Detailed explanation of JavaScript binary search tree construction operation

Table of contents

• foreword
• What is a binary search tree
• Build a binary search tree
• Operations on Binary Search Trees
  • Insert data into binary search tree
  • Find data in a binary search tree
  • Delete a node in a binary search tree
    • predecessor successor node
    • Three cases of deleting a node
    • Implementation code
• full code
• Summarize

foreword

Earlier we introduced the data structure of the binary tree and the traversal algorithm of the binary tree. In this article, we will learn about a special binary tree—BST Binary Search Tree (BST Binary Search Tree), also called binary sorting tree and binary search tree.

What is a binary search tree

A binary search tree is first of all a binary tree, and it also meets the following characteristics:

• For any non-empty node, the value on its left subtree must be less than the current value ;
• For any non-empty node, the value on its right subtree must be greater than the current value ;
• Any subtree satisfies the above conditions;

As shown below:

The above picture is a binary search tree. Let’s take the root node as an example. The value of the root node is 71, and the values ​​of its left subtree are 22, 35, 46, 53 and 66 respectively, which satisfy the left The subtree is smaller than the current value; the values ​​of its right subtree are 78, 87 and 98 respectively, these values ​​satisfy the requirement that the right subtree is greater than the current value; and so on, so the above figure is a binary search tree.

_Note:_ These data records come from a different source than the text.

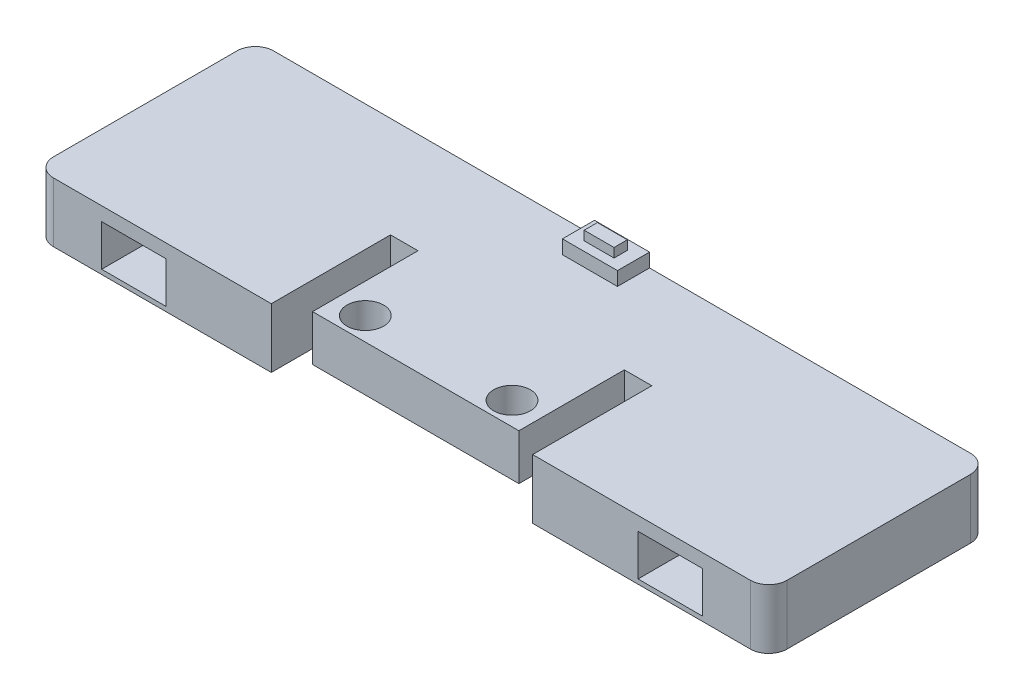
SolidWorks part; units mm, degrees
ref_plane "前视基准面" through (0, 0, 0) normal (0, 0, 1) x (1, 0, 0)
ref_plane "上视基准面" through (0, 0, 0) normal (0, 1, 0) x (1, 0, 0)
ref_plane "右视基准面" through (0, 0, 0) normal (1, 0, 0) x (0, 0, -1)
other "Configuration Table"
sketch "草图1" plane through (0, 0, 0) normal (0, 1, 0) x (1, 0, 0)
  line L1 (-40, -12) -> (40, -12)
  line L2 (-40, -12) -> (-40, 12)
  line L3 (-40, 12) -> (40, 12)
  line L4 (40, -12) -> (40, 12)
  line L5 (-40, -12) -> (40, 12) construction
  line L6 (-40, 12) -> (40, -12) construction
  point P0 (0, 0)
  dimension "D1" = 80
  dimension "D2" = 24
extrude "凸台-拉伸1" add sketch "草图1" along normal blind 6.5
sketch "草图2" plane through (0, 6.5, 0) normal (0, 1, 0) x (1, 0, 0)
  line L0 (40, 12) -> (-40, 12) construction
  line L1 (-3, 8.5) -> (3, 8.5)
  line L2 (-3, 8.5) -> (-3, 12)
  line L3 (-3, 12) -> (3, 12)
  line L4 (3, 8.5) -> (3, 12)
  line L5 (-3, 8.5) -> (3, 12) construction
  line L6 (-3, 12) -> (3, 8.5) construction
  point P0 (0, 10.25)
  dimension "D1" = 6
  dimension "D2" = 3.5
extrude "凸台-拉伸2" add sketch "草图2" along normal blind 1.5
sketch "草图3" plane through (0, 8, 0) normal (0, 1, 0) x (1, 0, 0)
  line L1 (-1.63, 10.9468) -> (1.63, 10.9468)
  line L2 (-1.63, 10.9468) -> (-1.63, 9.4979)
  line L3 (-1.63, 9.4979) -> (1.63, 9.4979)
  line L4 (1.63, 10.9468) -> (1.63, 9.4979)
  line L5 (-1.63, 10.9468) -> (1.63, 9.4979) construction
  line L6 (-1.63, 9.4979) -> (1.63, 10.9468) construction
  point P0 (0, 10.2223)
extrude "凸台-拉伸3" add sketch "草图3" along normal blind 1
sketch "草图4" plane through (0, 6.5, 0) normal (0, 1, 0) x (1, 0, 0)
  line L0 (-14.25, -12) -> (-14.25, 1)
  line L1 (-40, -12) -> (40, -12) construction
  line L2 (-14.25, 1) -> (-11.25, 1)
  line L3 (-11.25, 1) -> (-11.25, -10.5)
  line L4 (-11.25, -12) -> (-14.25, -12)
  line L5 (0, 0) -> (0, -12) construction
  line L6 (-11.25, -10.5) -> (11.25, -10.5)
  line L7 (11.25, -12) -> (-11.25, -12)
  line L8 (11.25, -12) -> (14.25, -12)
  line L9 (11.25, 1) -> (11.25, -10.5)
  line L10 (14.25, 1) -> (11.25, 1)
  line L11 (14.25, -12) -> (14.25, 1)
  circle A0 centre (-8, -8) radius 2
  circle A1 centre (8, -8) radius 2
  point P16 (0, -10.5)
  dimension "D2" = 4
  dimension "D7" = 4
  dimension "D1" = 8
  dimension "D3" = 11.25
  dimension "D4" = 3
  dimension "D5" = 13
  dimension "D6" = 1.5
extrude "切除-拉伸1" cut sketch "草图4" against normal through all
sketch "草图5" plane through (0, 0, 12) normal (0, 0, 1) x (1, 0, 0)
  line L1 (-25.75, 5) -> (-32.75, 5)
  line L2 (-25.75, 5) -> (-25.75, 0.5)
  line L3 (-25.75, 0.5) -> (-32.75, 0.5)
  line L4 (-32.75, 5) -> (-32.75, 0.5)
  line L5 (-25.75, 5) -> (-32.75, 0.5) construction
  line L6 (-25.75, 0.5) -> (-32.75, 5) construction
  line L12 (-14.25, 0) -> (-14.25, 6.5) construction
  line L13 (0, 0) -> (0, 6.5) construction
  line L14 (11.25, 6.5) -> (-11.25, 6.5) construction
  line L15 (25.75, 0.5) -> (32.75, 5) construction
  line L16 (25.75, 5) -> (32.75, 0.5) construction
  line L17 (32.75, 5) -> (32.75, 0.5)
  line L18 (25.75, 0.5) -> (32.75, 0.5)
  line L19 (25.75, 5) -> (25.75, 0.5)
  line L20 (25.75, 5) -> (32.75, 5)
  line L21 (-40, 0) -> (-14.25, 0) construction
  point P0 (-29.25, 2.75)
  dimension "D1" = 7
  dimension "D2" = 4.5
  dimension "D3" = 11.5
  dimension "D4" = 0.5
extrude "切除-拉伸2" cut sketch "草图5" against normal blind 6
sketch "草图6" plane through (0, 0, 0) normal (0, -1, 0) x (1, 0, 0)
  line L1 (-14.25, 12) -> (14.25, 12)
  line L2 (-14.25, 12) -> (-14.25, -1)
  line L3 (-14.25, -1) -> (14.25, -1)
  line L4 (14.25, 12) -> (14.25, -1)
  line L5 (-14.25, 12) -> (14.25, -1) construction
  line L6 (-14.25, -1) -> (14.25, 12) construction
  point P4 (0, 5.5)
extrude "切除-拉伸3" cut sketch "草图6" against normal blind 1.5
sketch "草图7" plane through (0, 0, 0) normal (0, -1, 0) x (1, 0, 0)
  line L0 (0, 0) -> (0, -12) construction
  line L1 (-34.6715, -7.9005) -> (-31.2542, -7.9005)
  line L2 (-34.6715, -7.9005) -> (-34.6715, -10.9191)
  line L3 (-34.6715, -10.9191) -> (-31.2542, -10.9191)
  line L4 (-31.2542, -7.9005) -> (-31.2542, -10.9191)
  line L5 (-34.6715, -7.9005) -> (-31.2542, -10.9191) construction
  line L6 (-34.6715, -10.9191) -> (-31.2542, -7.9005) construction
  line L7 (-11.9536, -7.6591) -> (-9.418, -7.6591)
  line L8 (-11.9536, -7.6591) -> (-11.9536, -10.3154)
  line L9 (-11.9536, -10.3154) -> (-9.418, -10.3154)
  line L10 (-9.418, -7.6591) -> (-9.418, -10.3154)
  line L11 (-11.9536, -7.6591) -> (-9.418, -10.3154) construction
  line L12 (-11.9536, -10.3154) -> (-9.418, -7.6591) construction
  line L13 (40, -12) -> (-40, -12) construction
  line L14 (11.9536, -10.3154) -> (9.418, -7.6591) construction
  line L15 (11.9536, -7.6591) -> (9.418, -10.3154) construction
  line L16 (34.6715, -10.9191) -> (31.2542, -7.9005) construction
  line L17 (34.6715, -7.9005) -> (31.2542, -10.9191) construction
  line L18 (9.418, -7.6591) -> (9.418, -10.3154)
  line L19 (11.9536, -10.3154) -> (9.418, -10.3154)
  line L20 (11.9536, -7.6591) -> (11.9536, -10.3154)
  line L21 (11.9536, -7.6591) -> (9.418, -7.6591)
  line L22 (31.2542, -7.9005) -> (31.2542, -10.9191)
  line L23 (34.6715, -10.9191) -> (31.2542, -10.9191)
  line L24 (34.6715, -7.9005) -> (34.6715, -10.9191)
  line L25 (34.6715, -7.9005) -> (31.2542, -7.9005)
  circle A0 centre (-32.9629, -4.7612) radius 1.7086
  circle A1 centre (-10.6858, -4.7612) radius 1.6311
  circle A2 centre (10.6858, -4.7612) radius 1.6311
  circle A3 centre (32.9629, -4.7612) radius 1.7086
  point P3 (-32.9629, -9.4098)
  point P9 (-10.6858, -8.9872)
  point P31 (10.6858, -8.9872)
  point P32 (32.9629, -9.4098)
extrude "切除-拉伸4" cut sketch "草图7" against normal blind 1
fillet "圆角1" radius 2 4 edges at (40, 3.25, 12) (40, 3.25, -12) (-40, 3.25, -12) (-40, 3.25, 12)

According to the characteristics of the binary search tree, we can also get the following conclusions:

• The left subtree and right subtree of any node of the binary search tree are a binary search tree;
• The smallest node of the binary search tree is the leaf node in the lower left corner of the entire tree ;
• The largest node of the binary search tree is the leaf node in the lower right corner of the whole tree ;

Build a binary search tree

We now use JavaScript to build a binary search tree. We must know that a binary search tree is also composed of nodes. Here we create classa node class,

The sample code is as follows:

?

class BinarySearchTree {
  constructor() {
    // 初始化根节点
    this.root = null
  }

  // 创建一个节点
  Node(val) {
    return {
      left: null, // 左子树
      right: null, // 右子树
      parent: null, // 父节点
      val,
    }
  }
}

Here a node consists of four parts, which are a pointer to the left subtree, a pointer to the right subtree, a pointer to the parent node, and the current value.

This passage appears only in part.